PARENTS

Ask Joanne: Sibling Rivalry

26/05/2009 05:11 | Updated 22 May 2015

Send your parenting dilemmas in to our life coach Joanne Mallon at this address

Laura asks:

Our daughter is really envious of her younger brother and is vile to him when she comes home from school and on/off throughout the weekend.

She is a very bright, funny and warm hearted little girl but she is controlling and has a fierce temper. If she doesn't agree with either me or her Dad, she shouts louder and louder in an effort to wear us down.

Am I right in thinking she is "flexing her muscles" and this is typical 5 year old behaviour or do you think there is more to it? Some coping strategies would be great please as when she is lovely she is easy and a pleasure to spend time with but when she is angry and aggressive it is hard on all of us

Hi Laura

I think all parents of school-age children will recognise the post-school slump. That combination of low blood sugar and mental and physical tiredness means that our children's behaviour is at their worst. So from that perspective, yes it is fairly normal.

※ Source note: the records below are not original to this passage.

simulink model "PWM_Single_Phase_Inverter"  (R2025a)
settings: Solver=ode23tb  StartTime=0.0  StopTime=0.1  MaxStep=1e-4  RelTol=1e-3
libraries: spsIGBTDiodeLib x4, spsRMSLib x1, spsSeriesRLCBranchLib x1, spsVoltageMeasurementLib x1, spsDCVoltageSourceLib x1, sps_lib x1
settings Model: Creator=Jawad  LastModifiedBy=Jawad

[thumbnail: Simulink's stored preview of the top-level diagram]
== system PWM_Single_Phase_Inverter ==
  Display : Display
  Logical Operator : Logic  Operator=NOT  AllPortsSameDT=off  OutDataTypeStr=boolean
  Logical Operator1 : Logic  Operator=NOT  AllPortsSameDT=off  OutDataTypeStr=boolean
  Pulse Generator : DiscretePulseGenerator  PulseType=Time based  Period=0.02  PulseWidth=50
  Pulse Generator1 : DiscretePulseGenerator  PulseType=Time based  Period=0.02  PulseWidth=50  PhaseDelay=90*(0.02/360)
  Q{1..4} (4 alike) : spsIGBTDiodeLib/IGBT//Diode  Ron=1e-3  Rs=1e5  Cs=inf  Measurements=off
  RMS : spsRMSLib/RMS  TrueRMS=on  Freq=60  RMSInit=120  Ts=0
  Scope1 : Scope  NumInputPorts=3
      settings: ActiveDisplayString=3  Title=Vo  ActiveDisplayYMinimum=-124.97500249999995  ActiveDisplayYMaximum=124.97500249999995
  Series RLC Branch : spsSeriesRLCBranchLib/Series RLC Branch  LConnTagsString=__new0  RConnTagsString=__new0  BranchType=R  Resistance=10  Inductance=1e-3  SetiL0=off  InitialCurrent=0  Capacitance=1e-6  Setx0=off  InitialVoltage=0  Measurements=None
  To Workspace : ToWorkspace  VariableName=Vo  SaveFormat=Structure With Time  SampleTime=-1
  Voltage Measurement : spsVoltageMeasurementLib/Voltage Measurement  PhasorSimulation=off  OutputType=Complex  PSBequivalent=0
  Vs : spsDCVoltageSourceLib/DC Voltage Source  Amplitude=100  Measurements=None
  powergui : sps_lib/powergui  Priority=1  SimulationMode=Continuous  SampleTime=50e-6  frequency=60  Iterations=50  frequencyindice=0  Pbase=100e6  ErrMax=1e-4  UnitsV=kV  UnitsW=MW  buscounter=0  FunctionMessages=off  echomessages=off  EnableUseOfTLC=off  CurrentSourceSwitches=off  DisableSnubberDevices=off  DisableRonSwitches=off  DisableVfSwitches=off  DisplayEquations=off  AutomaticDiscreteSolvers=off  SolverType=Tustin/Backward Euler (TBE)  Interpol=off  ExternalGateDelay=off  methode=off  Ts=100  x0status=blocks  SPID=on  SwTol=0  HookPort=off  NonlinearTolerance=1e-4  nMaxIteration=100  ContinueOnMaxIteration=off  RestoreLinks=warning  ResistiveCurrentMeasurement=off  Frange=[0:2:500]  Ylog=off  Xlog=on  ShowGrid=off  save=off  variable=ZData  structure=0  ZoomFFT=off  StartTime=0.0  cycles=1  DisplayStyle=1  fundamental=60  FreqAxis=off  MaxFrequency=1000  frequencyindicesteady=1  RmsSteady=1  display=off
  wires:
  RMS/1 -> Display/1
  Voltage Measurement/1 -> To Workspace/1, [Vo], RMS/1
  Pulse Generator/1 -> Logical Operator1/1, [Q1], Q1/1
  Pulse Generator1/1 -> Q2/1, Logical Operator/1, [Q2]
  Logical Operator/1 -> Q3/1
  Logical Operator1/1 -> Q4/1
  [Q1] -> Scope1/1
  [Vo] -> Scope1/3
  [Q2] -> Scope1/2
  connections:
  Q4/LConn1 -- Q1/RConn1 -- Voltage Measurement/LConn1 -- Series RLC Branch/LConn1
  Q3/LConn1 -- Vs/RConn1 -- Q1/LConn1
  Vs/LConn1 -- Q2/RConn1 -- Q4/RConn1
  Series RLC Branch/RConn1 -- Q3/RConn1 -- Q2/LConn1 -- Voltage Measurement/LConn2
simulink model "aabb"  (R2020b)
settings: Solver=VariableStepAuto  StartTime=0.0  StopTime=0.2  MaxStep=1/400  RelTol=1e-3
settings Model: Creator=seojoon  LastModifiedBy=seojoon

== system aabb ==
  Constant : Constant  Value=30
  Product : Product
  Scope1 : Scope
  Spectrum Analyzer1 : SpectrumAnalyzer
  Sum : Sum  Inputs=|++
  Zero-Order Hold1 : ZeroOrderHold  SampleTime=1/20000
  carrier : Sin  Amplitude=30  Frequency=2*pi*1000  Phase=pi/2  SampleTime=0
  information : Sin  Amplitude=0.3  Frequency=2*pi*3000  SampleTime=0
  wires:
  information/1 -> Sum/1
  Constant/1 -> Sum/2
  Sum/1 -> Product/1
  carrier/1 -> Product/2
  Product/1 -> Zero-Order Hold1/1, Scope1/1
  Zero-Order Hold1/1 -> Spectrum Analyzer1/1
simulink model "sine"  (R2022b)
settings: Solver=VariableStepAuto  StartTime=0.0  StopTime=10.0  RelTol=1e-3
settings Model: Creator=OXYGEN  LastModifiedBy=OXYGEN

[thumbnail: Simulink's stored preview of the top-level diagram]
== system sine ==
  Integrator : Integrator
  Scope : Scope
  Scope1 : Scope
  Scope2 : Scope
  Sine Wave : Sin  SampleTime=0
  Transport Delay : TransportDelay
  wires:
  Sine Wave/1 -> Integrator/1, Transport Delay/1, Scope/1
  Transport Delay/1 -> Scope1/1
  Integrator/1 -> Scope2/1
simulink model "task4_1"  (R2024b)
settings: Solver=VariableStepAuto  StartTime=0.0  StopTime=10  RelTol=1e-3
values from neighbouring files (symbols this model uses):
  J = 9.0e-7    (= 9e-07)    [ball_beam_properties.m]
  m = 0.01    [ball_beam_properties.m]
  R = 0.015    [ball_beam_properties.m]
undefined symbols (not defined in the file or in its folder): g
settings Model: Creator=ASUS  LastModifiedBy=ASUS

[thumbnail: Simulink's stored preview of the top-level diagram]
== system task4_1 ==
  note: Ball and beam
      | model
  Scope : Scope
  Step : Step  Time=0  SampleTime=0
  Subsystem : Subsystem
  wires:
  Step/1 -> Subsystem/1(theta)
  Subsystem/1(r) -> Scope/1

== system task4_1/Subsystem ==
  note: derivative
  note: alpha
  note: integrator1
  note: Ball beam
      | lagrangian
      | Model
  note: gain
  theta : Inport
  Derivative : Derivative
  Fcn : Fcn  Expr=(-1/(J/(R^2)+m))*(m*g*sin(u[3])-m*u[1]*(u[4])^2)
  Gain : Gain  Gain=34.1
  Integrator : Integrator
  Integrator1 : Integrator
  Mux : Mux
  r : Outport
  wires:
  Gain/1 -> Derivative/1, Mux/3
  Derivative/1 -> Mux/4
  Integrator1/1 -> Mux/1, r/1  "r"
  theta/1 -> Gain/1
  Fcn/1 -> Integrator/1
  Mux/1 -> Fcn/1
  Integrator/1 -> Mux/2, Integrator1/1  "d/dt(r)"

As far as coping strategies go, give her a decent snack and keep after-school activities to a minimum. Keep things very low key when she comes home from school – her brother may be ready to play, but she will probably need a rest.

Bickering between siblings is also fairly normal. I remember when my mum used to tell us off for fighting and I would respond "But he's my brother. This is what we do."

From your daughter's perspective, she's been out all day working hard at school, and it can be hard to come home to find that little brother has been having a nice time with mummy or playing with his friends. If she's the controlling type who likes to be boss, she may be struggling with being told what to do at school.

Yes, she is pushing you. Often children remind themselves that boundaries are still there by kicking out against them.

I would start a sticker chart, being very clear about what you expect from her. So not just a vague "Be good", tell her exactly what this involves - talking, not shouting, for example.

Make a big fuss when she behaves well. It sounds like she has lots of good qualities, so help her to bring them out. Let her be in control occasionally – maybe she could choose a weekend family outing.